■ Exercise goal:
In the entries that follow, count each line containing "sheet" and state the total, nothing more.

[Recorded data]
━━━━━━━━━━━━━━━━━━━━

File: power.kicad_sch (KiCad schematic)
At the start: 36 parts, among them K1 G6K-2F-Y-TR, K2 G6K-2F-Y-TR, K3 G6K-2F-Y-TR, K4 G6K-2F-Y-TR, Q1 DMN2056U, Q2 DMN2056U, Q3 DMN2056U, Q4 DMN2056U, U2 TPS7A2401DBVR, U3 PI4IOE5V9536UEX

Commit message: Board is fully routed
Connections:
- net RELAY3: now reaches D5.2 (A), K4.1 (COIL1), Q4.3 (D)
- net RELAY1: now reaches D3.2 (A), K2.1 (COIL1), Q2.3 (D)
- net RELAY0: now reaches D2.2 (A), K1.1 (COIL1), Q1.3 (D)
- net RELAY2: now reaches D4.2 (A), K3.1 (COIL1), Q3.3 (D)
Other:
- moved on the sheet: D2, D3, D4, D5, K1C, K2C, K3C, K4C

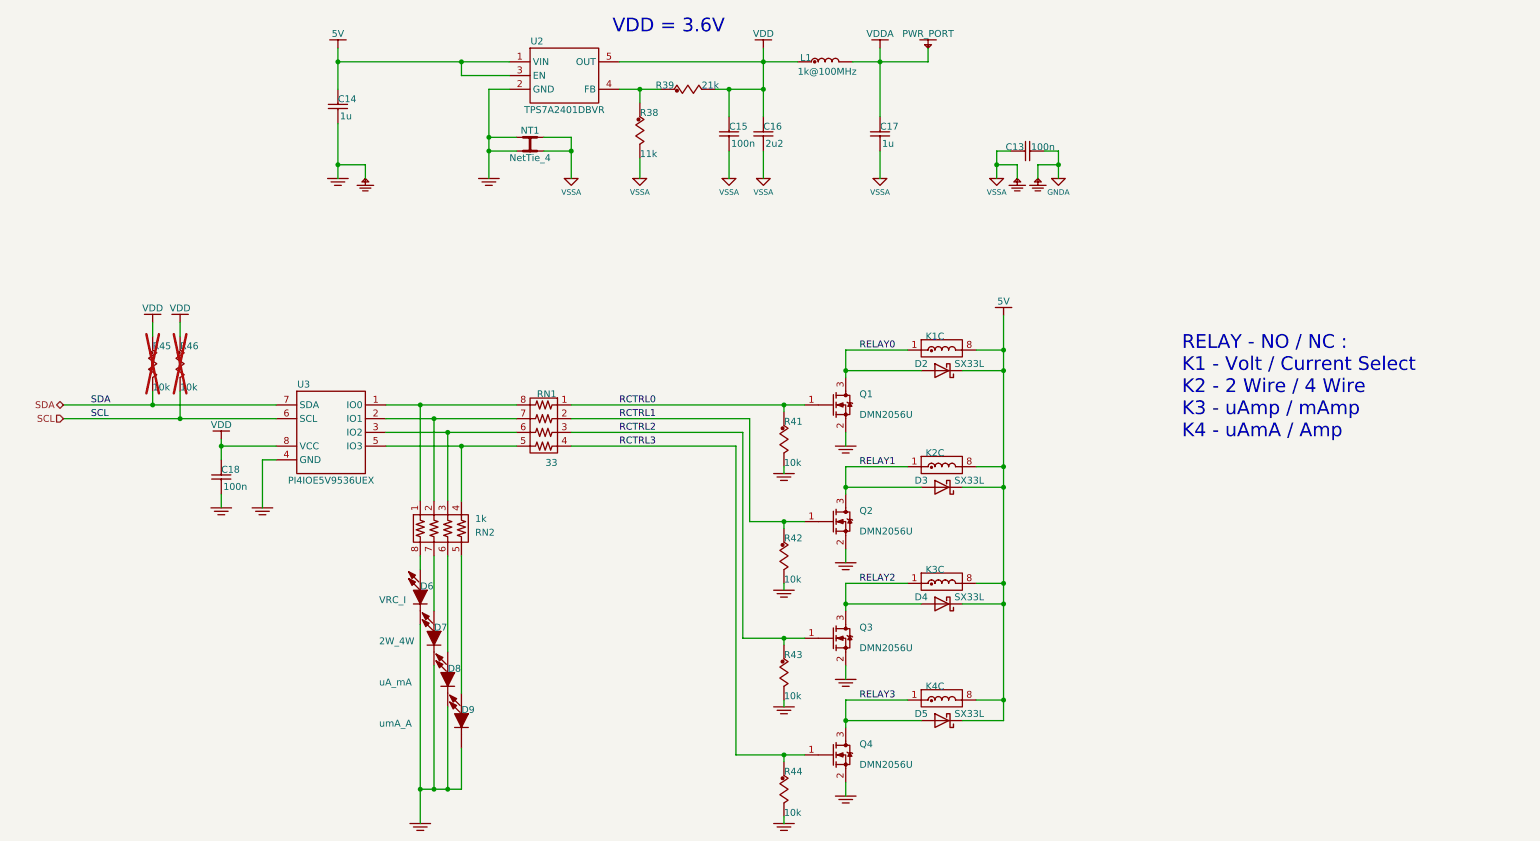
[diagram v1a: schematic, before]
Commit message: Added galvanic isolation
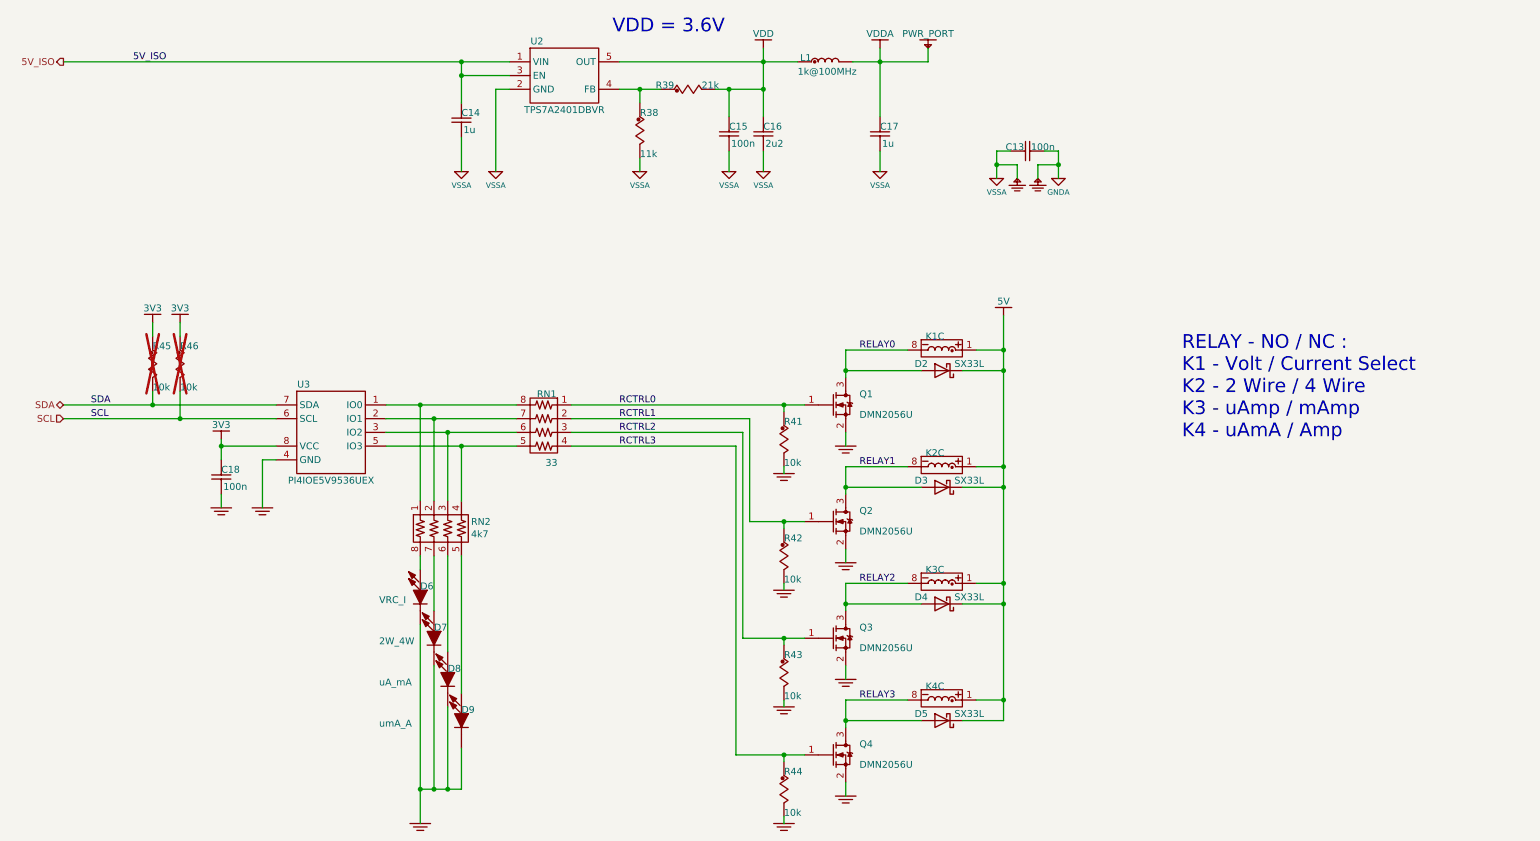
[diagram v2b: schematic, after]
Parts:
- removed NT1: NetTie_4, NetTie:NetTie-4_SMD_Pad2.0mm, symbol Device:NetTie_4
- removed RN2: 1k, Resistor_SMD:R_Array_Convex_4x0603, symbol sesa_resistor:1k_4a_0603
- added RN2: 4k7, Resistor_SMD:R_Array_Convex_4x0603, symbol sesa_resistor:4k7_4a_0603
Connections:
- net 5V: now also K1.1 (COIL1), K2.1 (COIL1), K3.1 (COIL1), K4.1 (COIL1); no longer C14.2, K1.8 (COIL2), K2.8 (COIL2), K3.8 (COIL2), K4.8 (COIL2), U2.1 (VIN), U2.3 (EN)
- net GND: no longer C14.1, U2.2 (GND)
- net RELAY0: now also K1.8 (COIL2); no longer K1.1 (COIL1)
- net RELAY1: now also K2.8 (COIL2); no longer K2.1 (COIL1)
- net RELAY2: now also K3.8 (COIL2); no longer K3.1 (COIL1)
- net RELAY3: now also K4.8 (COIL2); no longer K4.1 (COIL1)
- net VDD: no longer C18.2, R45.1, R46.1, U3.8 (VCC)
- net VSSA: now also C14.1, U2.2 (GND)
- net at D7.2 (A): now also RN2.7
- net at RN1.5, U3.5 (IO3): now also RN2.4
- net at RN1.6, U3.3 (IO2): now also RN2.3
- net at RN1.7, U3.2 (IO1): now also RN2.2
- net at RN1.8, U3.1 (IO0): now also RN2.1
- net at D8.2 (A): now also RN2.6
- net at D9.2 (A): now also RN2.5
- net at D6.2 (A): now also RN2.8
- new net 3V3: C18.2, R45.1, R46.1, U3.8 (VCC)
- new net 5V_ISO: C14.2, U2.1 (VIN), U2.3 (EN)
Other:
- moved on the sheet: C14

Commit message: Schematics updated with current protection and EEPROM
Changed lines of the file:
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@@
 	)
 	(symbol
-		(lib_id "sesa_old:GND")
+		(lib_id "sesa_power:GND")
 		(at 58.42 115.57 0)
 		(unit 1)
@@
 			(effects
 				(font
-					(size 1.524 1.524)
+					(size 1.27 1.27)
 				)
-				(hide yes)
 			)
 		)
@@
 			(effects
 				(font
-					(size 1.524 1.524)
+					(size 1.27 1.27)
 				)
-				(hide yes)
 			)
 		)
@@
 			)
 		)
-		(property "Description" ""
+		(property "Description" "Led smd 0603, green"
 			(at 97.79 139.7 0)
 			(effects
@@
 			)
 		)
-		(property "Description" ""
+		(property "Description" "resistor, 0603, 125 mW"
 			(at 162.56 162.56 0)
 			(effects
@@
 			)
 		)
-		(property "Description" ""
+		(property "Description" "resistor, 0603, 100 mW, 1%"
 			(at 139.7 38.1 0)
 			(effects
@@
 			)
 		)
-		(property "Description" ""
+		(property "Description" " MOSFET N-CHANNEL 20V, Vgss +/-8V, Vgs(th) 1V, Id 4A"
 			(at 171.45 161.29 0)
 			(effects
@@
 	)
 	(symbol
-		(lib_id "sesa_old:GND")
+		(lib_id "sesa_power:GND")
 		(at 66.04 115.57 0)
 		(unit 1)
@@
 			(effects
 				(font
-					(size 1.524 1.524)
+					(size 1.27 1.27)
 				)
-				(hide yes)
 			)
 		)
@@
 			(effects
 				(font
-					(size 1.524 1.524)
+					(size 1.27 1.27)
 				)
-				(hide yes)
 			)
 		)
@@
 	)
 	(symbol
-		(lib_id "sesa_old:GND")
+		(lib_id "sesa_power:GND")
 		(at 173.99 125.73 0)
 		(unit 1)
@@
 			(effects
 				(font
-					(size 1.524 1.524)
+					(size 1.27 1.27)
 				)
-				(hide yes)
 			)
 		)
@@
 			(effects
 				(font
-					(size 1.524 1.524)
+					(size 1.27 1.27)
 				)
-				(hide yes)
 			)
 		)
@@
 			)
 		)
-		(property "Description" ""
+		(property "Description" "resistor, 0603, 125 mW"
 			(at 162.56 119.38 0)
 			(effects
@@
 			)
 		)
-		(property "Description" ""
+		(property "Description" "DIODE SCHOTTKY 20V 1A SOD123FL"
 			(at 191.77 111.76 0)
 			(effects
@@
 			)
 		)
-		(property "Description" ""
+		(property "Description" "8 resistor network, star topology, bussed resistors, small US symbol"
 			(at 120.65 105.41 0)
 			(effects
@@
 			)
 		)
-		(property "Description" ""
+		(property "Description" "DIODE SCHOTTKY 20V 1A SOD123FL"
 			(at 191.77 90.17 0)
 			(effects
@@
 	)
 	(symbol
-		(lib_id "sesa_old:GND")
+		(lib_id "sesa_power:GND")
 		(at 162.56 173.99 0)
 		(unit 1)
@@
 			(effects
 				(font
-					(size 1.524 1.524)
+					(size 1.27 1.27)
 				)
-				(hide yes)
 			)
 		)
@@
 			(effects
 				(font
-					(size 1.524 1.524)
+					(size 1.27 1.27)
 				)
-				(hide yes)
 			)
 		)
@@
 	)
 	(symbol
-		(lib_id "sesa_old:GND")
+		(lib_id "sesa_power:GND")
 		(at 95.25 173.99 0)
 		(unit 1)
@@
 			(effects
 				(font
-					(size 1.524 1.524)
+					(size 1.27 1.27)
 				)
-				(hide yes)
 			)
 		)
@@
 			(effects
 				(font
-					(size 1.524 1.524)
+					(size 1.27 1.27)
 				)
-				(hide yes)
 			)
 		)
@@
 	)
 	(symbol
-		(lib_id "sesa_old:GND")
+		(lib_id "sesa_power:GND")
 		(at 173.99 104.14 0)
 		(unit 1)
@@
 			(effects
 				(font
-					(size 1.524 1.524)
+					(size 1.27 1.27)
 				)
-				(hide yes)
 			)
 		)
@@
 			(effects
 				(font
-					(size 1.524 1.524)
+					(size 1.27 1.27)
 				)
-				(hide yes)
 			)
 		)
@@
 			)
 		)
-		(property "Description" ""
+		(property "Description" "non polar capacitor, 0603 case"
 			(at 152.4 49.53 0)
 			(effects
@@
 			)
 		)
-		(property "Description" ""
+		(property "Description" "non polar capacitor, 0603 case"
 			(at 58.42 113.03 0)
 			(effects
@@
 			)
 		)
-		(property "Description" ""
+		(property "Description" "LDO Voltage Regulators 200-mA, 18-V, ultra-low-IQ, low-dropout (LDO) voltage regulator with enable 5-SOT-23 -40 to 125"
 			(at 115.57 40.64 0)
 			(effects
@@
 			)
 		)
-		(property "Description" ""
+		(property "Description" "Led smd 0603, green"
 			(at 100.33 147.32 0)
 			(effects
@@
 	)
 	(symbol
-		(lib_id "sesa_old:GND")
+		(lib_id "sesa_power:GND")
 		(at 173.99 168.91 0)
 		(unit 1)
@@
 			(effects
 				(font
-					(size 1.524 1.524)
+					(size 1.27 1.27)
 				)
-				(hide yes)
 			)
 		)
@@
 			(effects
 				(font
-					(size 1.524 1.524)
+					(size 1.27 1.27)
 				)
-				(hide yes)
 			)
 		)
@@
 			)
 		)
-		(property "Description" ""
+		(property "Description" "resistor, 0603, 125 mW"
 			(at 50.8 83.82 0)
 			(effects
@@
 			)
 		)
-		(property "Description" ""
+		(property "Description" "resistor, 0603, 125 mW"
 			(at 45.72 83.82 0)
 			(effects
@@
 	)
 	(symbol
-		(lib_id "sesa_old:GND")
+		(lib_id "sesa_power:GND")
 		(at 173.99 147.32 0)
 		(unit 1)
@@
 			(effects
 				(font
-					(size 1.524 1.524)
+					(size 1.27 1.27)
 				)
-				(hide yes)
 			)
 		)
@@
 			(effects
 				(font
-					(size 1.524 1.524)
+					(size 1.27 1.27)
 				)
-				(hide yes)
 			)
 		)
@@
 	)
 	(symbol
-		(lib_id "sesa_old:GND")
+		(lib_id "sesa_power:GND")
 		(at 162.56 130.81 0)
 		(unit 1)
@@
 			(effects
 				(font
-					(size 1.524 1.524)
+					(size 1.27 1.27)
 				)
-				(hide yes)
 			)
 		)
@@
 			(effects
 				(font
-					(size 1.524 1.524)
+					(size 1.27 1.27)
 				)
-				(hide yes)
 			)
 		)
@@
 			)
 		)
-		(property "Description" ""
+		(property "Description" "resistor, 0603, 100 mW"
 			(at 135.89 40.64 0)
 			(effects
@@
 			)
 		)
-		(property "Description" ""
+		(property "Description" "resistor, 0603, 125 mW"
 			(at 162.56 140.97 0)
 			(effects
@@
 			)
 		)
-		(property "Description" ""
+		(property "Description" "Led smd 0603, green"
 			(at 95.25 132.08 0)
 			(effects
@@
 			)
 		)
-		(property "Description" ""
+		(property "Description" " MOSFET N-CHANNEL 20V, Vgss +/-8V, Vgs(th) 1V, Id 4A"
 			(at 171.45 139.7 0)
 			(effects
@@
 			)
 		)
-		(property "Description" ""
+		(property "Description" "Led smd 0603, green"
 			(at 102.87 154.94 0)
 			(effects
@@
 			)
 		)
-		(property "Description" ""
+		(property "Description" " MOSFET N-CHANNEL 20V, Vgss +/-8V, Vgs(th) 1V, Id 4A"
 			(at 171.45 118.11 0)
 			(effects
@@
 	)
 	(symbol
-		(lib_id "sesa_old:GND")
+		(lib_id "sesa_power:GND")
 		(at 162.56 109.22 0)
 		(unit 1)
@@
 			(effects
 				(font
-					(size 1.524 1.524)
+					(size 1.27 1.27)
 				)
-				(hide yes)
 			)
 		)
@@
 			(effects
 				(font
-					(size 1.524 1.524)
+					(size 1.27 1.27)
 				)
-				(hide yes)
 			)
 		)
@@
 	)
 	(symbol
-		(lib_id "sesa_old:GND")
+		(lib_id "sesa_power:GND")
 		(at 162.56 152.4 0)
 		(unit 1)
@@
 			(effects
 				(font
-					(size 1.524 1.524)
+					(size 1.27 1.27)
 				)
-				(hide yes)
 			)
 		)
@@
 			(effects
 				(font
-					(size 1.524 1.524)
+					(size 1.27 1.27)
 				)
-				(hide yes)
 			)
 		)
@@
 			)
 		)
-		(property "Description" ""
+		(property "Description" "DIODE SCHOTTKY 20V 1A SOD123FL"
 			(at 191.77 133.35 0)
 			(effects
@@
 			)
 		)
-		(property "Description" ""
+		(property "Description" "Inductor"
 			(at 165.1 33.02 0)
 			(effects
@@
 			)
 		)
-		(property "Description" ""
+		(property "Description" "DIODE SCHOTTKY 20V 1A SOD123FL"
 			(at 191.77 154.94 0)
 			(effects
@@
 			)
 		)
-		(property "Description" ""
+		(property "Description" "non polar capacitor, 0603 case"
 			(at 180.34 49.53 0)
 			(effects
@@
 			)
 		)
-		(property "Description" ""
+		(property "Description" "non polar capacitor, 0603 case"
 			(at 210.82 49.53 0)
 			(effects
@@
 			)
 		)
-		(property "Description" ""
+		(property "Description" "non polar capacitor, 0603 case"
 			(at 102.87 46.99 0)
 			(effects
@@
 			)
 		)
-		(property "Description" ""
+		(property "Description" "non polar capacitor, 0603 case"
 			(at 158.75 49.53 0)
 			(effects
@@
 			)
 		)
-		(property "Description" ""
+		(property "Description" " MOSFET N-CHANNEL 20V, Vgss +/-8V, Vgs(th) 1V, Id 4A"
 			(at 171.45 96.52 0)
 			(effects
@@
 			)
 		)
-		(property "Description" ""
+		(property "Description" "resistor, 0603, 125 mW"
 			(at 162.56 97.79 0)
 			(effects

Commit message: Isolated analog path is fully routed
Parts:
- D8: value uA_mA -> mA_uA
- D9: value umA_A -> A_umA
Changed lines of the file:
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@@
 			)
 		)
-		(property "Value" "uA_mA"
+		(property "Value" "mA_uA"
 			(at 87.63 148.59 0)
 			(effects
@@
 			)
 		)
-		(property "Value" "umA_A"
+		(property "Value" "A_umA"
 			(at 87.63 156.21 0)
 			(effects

━━━━━━━━━━━━━━━━━━━━

■ Exercise response:
2